Тот машинально и несинхронно барабанил пальцами рук по серой столешнице некоего светлого дерева, из которого был скроен просторный стол, глянцевый и полный солнечных зайчиков. В пределах друг друга лежали три мобильных телефона, все – разные. Антикварный дисковый телефон молчал на углу подле высокой стопки аккуратно подогнанных друг под друга цветных папок, набитых бумагами, и бумаг без папок. Имелся стакан для виски, где в воде отчаянно шипела плоская таблетка аспирина.

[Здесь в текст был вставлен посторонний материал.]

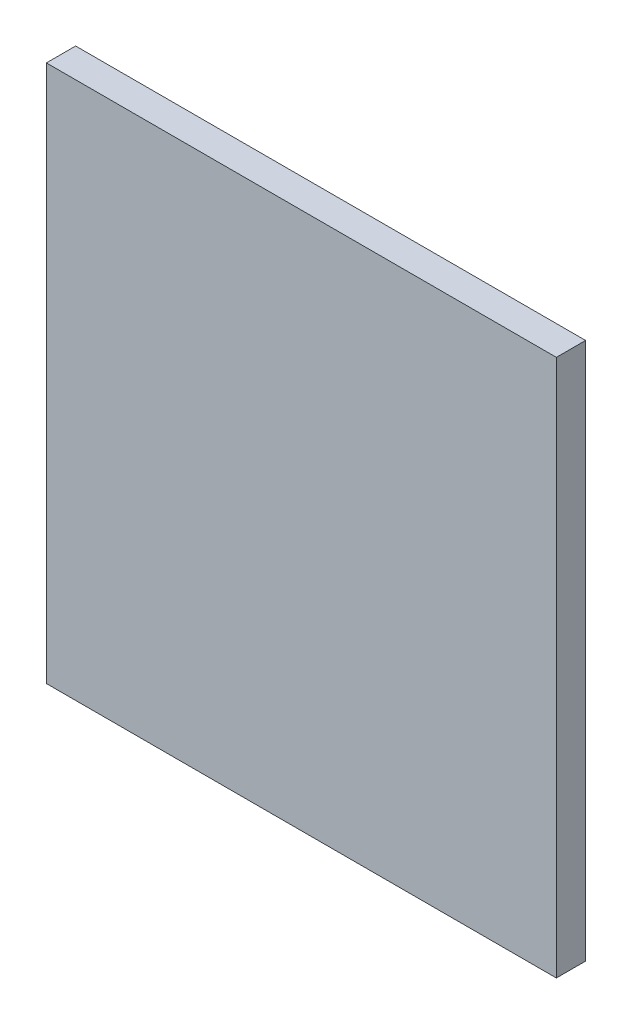
from build123d import *

# Parameters (mm, degrees)
SKETCH2_W           = 332.069895667
SKETCH2_H           = 350
BOSS_EXTRUDE1_DEPTH = 19.05


with BuildPart() as part:
    # Sketch2 → Boss-Extrude1 (new body)
    with BuildSketch(Plane.XY):
        with Locations((88.795456857, -192.59332013)):
            Rectangle(SKETCH2_W, SKETCH2_H)
    extrude(amount=BOSS_EXTRUDE1_DEPTH)


solid = part.part
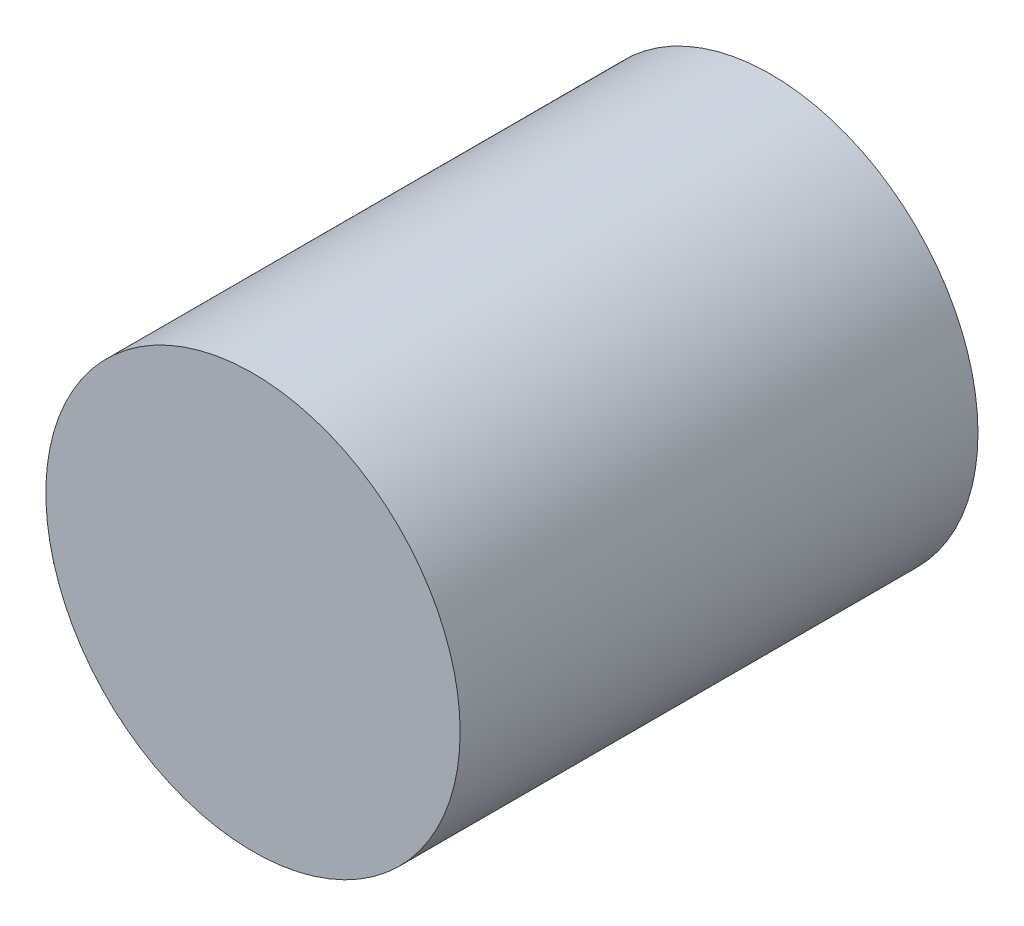
from build123d import *

# Parameters (mm, degrees)
SKETCH1_R           = 80
BOSS_EXTRUDE1_DEPTH = 200
SKETCH2_R           = 44
BOSS_EXTRUDE2_DEPTH = 14
SKETCH3_R           = 30
BOSS_EXTRUDE3_DEPTH = 7
SKETCH4_R           = 21.5
CUT_EXTRUDE1_DEPTH  = 7


with BuildPart() as part:
    # Sketch1 → Boss-Extrude1 (new body)
    with BuildSketch(Plane.XY):
        Circle(SKETCH1_R)
    extrude(amount=BOSS_EXTRUDE1_DEPTH)

    # Sketch2 → Boss-Extrude2 (add)
    with BuildSketch(Plane(origin=(0, 0, 0), x_dir=(-1, 0, 0), z_dir=(0, 0, -1))):
        Circle(SKETCH2_R)
    extrude(amount=BOSS_EXTRUDE2_DEPTH)

    # Sketch3 → Boss-Extrude3 (add)
    with BuildSketch(Plane(origin=(0, 0, -14), x_dir=(-1, 0, 0), z_dir=(0, 0, -1))):
        Circle(SKETCH3_R)
    extrude(amount=BOSS_EXTRUDE3_DEPTH)

    # Sketch4 → Cut-Extrude1 (cut)
    with BuildSketch(Plane(origin=(0, 0, -21), x_dir=(-1, 0, 0), z_dir=(0, 0, -1))):
        Circle(SKETCH4_R)
    extrude(amount=-CUT_EXTRUDE1_DEPTH, mode=Mode.SUBTRACT)


solid = part.part
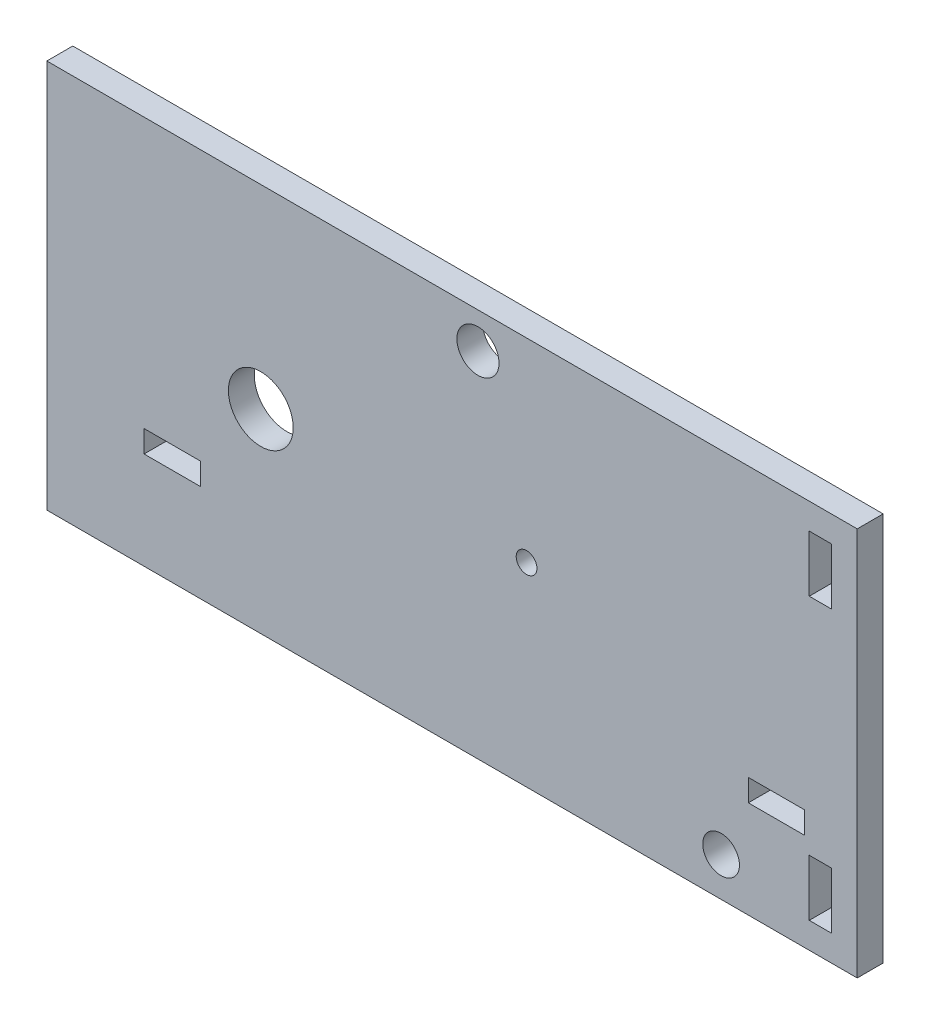
from build123d import *

# Parameters (mm, degrees)
SKETCH1_W               = 121
SKETCH1_H               = 60
SKETCH1_R               = 5
SKETCH1_R_2             = 3.25
SKETCH1_R_3             = 2.83
SKETCH1_R_4             = 1.6
SKETCH1_W_2             = 8.7
SKETCH1_H_2             = 3.4
BOSS_EXTRUDE1_DEPTH     = 4
SKETCH2_W               = 4
SKETCH2_H               = 60
BOSS_EXTRUDE2_DEPTH     = 4
CUT_EXTRUDE2_DEPTH      = 85.599054368
CUT_EXTRUDE2_DEPTH_BACK = 85.599054368
SKETCH3_W               = 3.4
SKETCH3_H               = 8.7


with BuildPart() as part:
    # Sketch1 → Boss-Extrude1 (new body)
    with BuildSketch(Plane.XY):
        with Locations((-18.5, 0)):
            Rectangle(SKETCH1_W, SKETCH1_H)
        with Locations((-46, 0)):
            Circle(SKETCH1_R, mode=Mode.SUBTRACT)
        with Locations((-12.5, 24.5)):
            Circle(SKETCH1_R_2, mode=Mode.SUBTRACT)
        with Locations((25, -24)):
            Circle(SKETCH1_R_3, mode=Mode.SUBTRACT)
        with Locations((-5, 0)):
            Circle(SKETCH1_R_4, mode=Mode.SUBTRACT)
        with Locations((-59.65, -13.3)):
            Rectangle(SKETCH1_W_2, SKETCH1_H_2, mode=Mode.SUBTRACT)
        with Locations((33.55, -13.3)):
            Rectangle(SKETCH1_W_2, SKETCH1_H_2, mode=Mode.SUBTRACT)
    extrude(amount=BOSS_EXTRUDE1_DEPTH)

    # Sketch2 → Boss-Extrude2 (add)
    with BuildSketch(Plane.XY):
        with Locations((44, 0)):
            Rectangle(SKETCH2_W, SKETCH2_H)
    extrude(amount=BOSS_EXTRUDE2_DEPTH)

    # Sketch3 → Cut-Extrude2 (cut, two sides: drawn at the far end of the back side and taken through both)
    with BuildSketch(Plane.XY.offset(-CUT_EXTRUDE2_DEPTH_BACK)):
        with Locations((40.3, 21.65)):
            Rectangle(SKETCH3_W, SKETCH3_H)
        with Locations((40.3, -21.65)):
            Rectangle(SKETCH3_W, SKETCH3_H)
    extrude(amount=CUT_EXTRUDE2_DEPTH + CUT_EXTRUDE2_DEPTH_BACK, mode=Mode.SUBTRACT)


solid = part.part
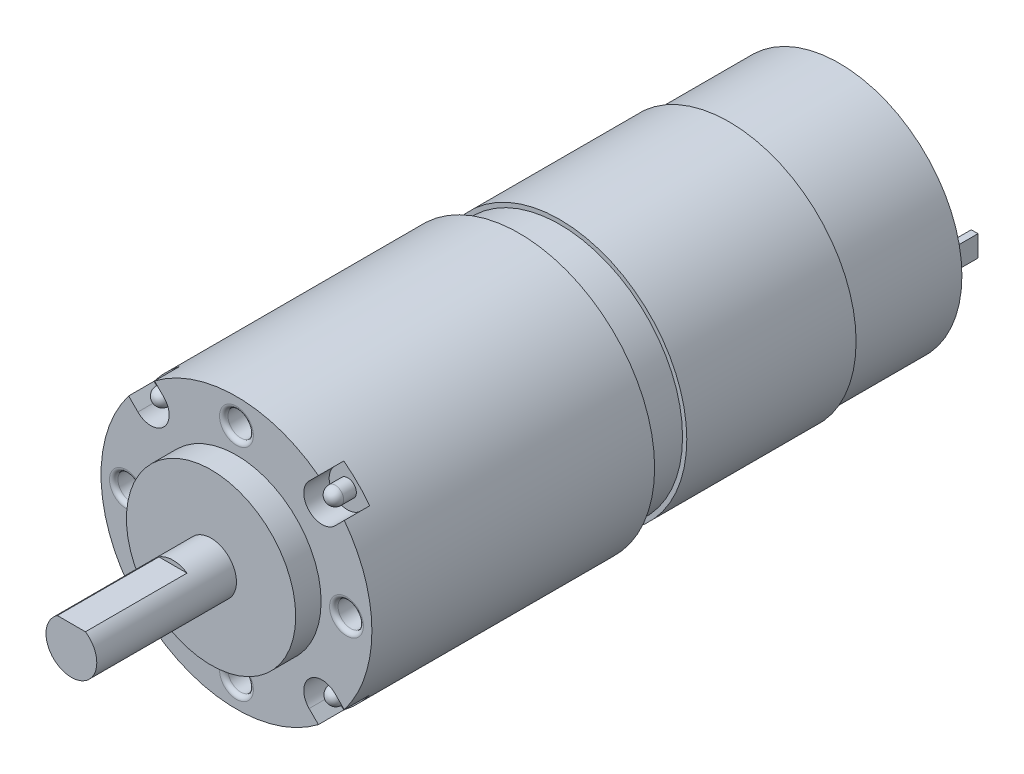
from build123d import *

# Parameters (mm, degrees)
ENL_V_MAT_EXTRU_1_DEPTH = 12
ESQUISSE3_W             = 0.8
ESQUISSE3_H             = 2.5
BOSS_EXTRU_1_DEPTH      = 4
ESQUISSE4_R             = 1.5
ENL_V_MAT_EXTRU_2_DEPTH = 4
CONG_2_R                = 0.5
ENL_V_MAT_EXTRU_3_DEPTH = 3
ESQUISSE6_R             = 1.00558737
BOSS_EXTRU_2_DEPTH      = 2.5
CONG_3_R                = 1


with BuildPart() as part:
    # Esquisse1 → Révolution1 (revolve)
    with BuildSketch(Plane(origin=(0, 0, 0), x_dir=(0, 0, -1), z_dir=(1, 0, 0)), mode=Mode.PRIVATE) as r_volution1_sk:
        with BuildLine():
            Line((61.773856141, 0), (61.773856141, 3.884381115))
            Line((61.773856141, 3.884381115), (59.773856141, 3.884381115))
            Line((59.773856141, 3.884381115), (59.773856141, 14.5))
            Line((59.773856141, 14.5), (46.773856141, 14.5))
            Line((46.773856141, 14.5), (46.773856141, 15))
            Line((46.773856141, 15), (26.773856141, 15))
            Line((26.773856141, 15), (26.773856141, 14.5))
            Line((26.773856141, 14.5), (22.973856141, 14.5))
            ThreePointArc((22.973856141, 14.5), (22.266749359, 14.207106781), (21.973856141, 13.5))
            Line((21.973856141, 13.5), (21.973856141, 14.5))
            Line((21.973856141, 14.5), (21.973856141, 16))
            Line((21.973856141, 16), (-11.426143859, 16))
            Line((-11.426143859, 16), (-11.426143859, 10))
            Line((-11.426143859, 10), (-14.426143859, 10))
            Line((-14.426143859, 10), (-14.426143859, 3))
            Line((-14.426143859, 3), (-30.926143859, 3))
            Line((-30.926143859, 3), (-30.926143859, 0))
            Line((-30.926143859, 0), (61.773856141, 0))
        make_face()
    revolve(r_volution1_sk.sketch.rotate(Axis((0, 0, 20.6), (0, 0, -1)), 90), axis=Axis((0, 0, 20.6), (0, 0, -1)))

    # Esquisse2 → Enlèv. mat.-Extru.1 (cut)
    with BuildSketch(Plane.XY.offset(30.926143859)):
        with BuildLine():
            Line((-1.658312395, 2.5), (1.658312395, 2.5))
            ThreePointArc((1.658312395, 2.5), (0, 3), (-1.658312395, 2.5))
        make_face()
    extrude(amount=-ENL_V_MAT_EXTRU_1_DEPTH, mode=Mode.SUBTRACT)

    # Esquisse3 → Boss.-Extru.1 (add)
    with BuildSketch(Plane(origin=(0, 0, -59.773856141), x_dir=(-1, 0, 0), z_dir=(0, 0, -1))):
        with Locations((-12, 0)):
            Rectangle(ESQUISSE3_W, ESQUISSE3_H)
        with Locations((12, 0)):
            Rectangle(ESQUISSE3_W, ESQUISSE3_H)
    extrude(amount=BOSS_EXTRU_1_DEPTH)

    # Esquisse4 → Enlèv. mat.-Extru.2 (cut)
    with BuildSketch(Plane.XY.offset(11.426143859)):
        with Locations((13, 0)):
            Circle(ESQUISSE4_R)
        with Locations((0, -13)):
            Circle(ESQUISSE4_R)
        with Locations((-13, 0)):
            Circle(ESQUISSE4_R)
        with Locations((0, 13)):
            Circle(ESQUISSE4_R)
    extrude(amount=-ENL_V_MAT_EXTRU_2_DEPTH, mode=Mode.SUBTRACT)

    # Congé2
    cong_2_edges = [part.edges().sort_by_distance(p)[0] for p in [
        (11.5, 0, 11.426143859),
        (-1.5, -13, 11.426143859),
        (-14.5, 0, 11.426143859),
        (-1.5, 13, 11.426143859),
    ]]
    fillet(cong_2_edges, radius=CONG_2_R)

    # Esquisse5 → Enlèv. mat.-Extru.3 (cut)
    with BuildSketch(Plane.XY.offset(11.426143859)):
        with BuildLine():
            Line((-11.64124723, 8.583366209), (-14.238773212, 11.18089219))
            ThreePointArc((-14.238773212, 11.18089219), (-14.238773212, 14.238773212), (-11.18089219, 14.238773212))
            Line((-11.18089219, 14.238773212), (-8.583366209, 11.64124723))
            ThreePointArc((-8.583366209, 11.64124723), (-8.583366209, 8.583366209), (-11.64124723, 8.583366209))
        make_face()
        with BuildLine():
            Line((8.583366209, 11.64124723), (11.18089219, 14.238773212))
            ThreePointArc((11.18089219, 14.238773212), (14.238773212, 14.238773212), (14.238773212, 11.18089219))
            Line((14.238773212, 11.18089219), (11.64124723, 8.583366209))
            ThreePointArc((11.64124723, 8.583366209), (8.583366209, 8.583366209), (8.583366209, 11.64124723))
        make_face()
        with BuildLine():
            Line((11.64124723, -8.583366209), (14.238773212, -11.18089219))
            ThreePointArc((14.238773212, -11.18089219), (14.238773212, -14.238773212), (11.18089219, -14.238773212))
            Line((11.18089219, -14.238773212), (8.583366209, -11.64124723))
            ThreePointArc((8.583366209, -11.64124723), (8.583366209, -8.583366209), (11.64124723, -8.583366209))
        make_face()
        with BuildLine():
            Line((-8.583366209, -11.64124723), (-11.18089219, -14.238773212))
            ThreePointArc((-11.18089219, -14.238773212), (-14.238773212, -14.238773212), (-14.238773212, -11.18089219))
            Line((-14.238773212, -11.18089219), (-11.64124723, -8.583366209))
            ThreePointArc((-11.64124723, -8.583366209), (-8.583366209, -8.583366209), (-8.583366209, -11.64124723))
        make_face()
    extrude(amount=-ENL_V_MAT_EXTRU_3_DEPTH, mode=Mode.SUBTRACT)

    # Esquisse6 → Boss.-Extru.2 (add)
    with BuildSketch(Plane.XY.offset(8.426143859)):
        with Locations((-10.246357947, 10.159890792)):
            Circle(ESQUISSE6_R)
        with Locations((10.159890792, 10.246357947)):
            Circle(ESQUISSE6_R)
        with Locations((10.246357947, -10.159890792)):
            Circle(ESQUISSE6_R)
        with Locations((-10.159890792, -10.246357947)):
            Circle(ESQUISSE6_R)
    extrude(amount=BOSS_EXTRU_2_DEPTH)

    # Congé3
    cong_3_edges = [part.edges().sort_by_distance(p)[0] for p in [
        (-11.251945317, 10.159890792, 10.926143859),
        (9.154303422, 10.246357947, 10.926143859),
        (9.240770577, -10.159890792, 10.926143859),
        (-11.165478162, -10.246357947, 10.926143859),
    ]]
    fillet(cong_3_edges, radius=CONG_3_R)


solid = part.part
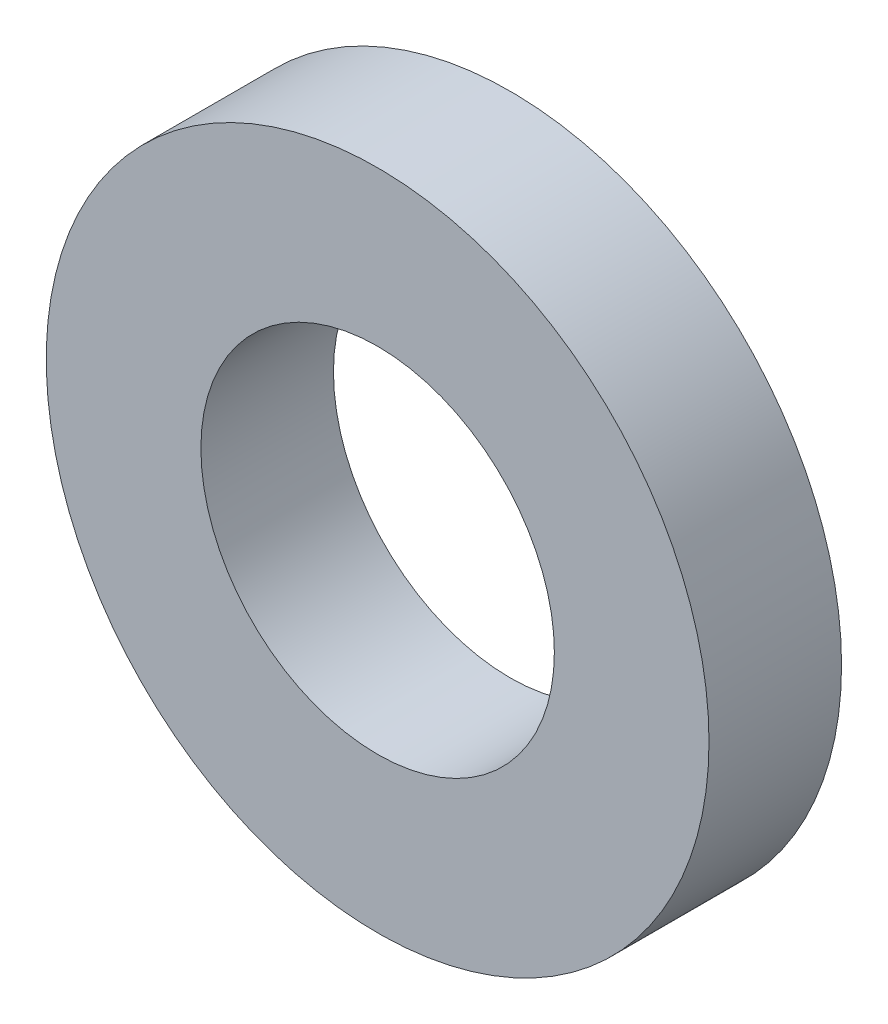
from build123d import *

# Parameters (mm, degrees)
SKETCH1_R           = 7.5
SKETCH1_R_2         = 4
BOSS_EXTRUDE1_DEPTH = 1.5


with BuildPart() as part:
    # Sketch1 → Boss-Extrude1 (new, symmetric)
    with BuildSketch(Plane.XY):
        Circle(SKETCH1_R)
        Circle(SKETCH1_R_2, mode=Mode.SUBTRACT)
    extrude(amount=BOSS_EXTRUDE1_DEPTH, both=True)


solid = part.part

Панорамные окна офиса обещали жару, но ее сдерживал свирепствующий кондиционер.

Хорхе сидел в удобном кресле, пара кресел поменьше застыли напротив стола, на стене между окон пылилась истыканная цветными кнопками карта Ивисы, изображение белого парусника, застигнутого врасплох штормом, висело в раме между другими окнами. Здесь же вмещался утлый диван. На тумбочке по правую руку от испанца высилась крупная ваза, полная точно откорректированных, словно нарисованных, фруктов. Эту геометрию завершало нарезанное ломтиками пронзительно-оранжевое манго.

В отличие от хозяина Арсений явился в потертых джинсах и черной майке с рваной красной надписью Amsterdam. Белые тенниски готовились к тому, чтобы стремительно потемнеть.

Хорхе преувеличенно изобразил удивление:

– В Амстердам вы тоже ездите по работе? – Он привстал, подавая Арсению руку. – Или у вас просто много вредных привычек и вы научились совмещать их с работой?

– Я езжу в разные страны за разным. – Их улыбки схватились, как греко-римские борцы. – В Амстердам – не по работе. Сюда – так получилось, что да. Я пока не успел ответить себе на вопрос – хорошо это или плохо. – Витиеватая философичность слов разрядила обстановку.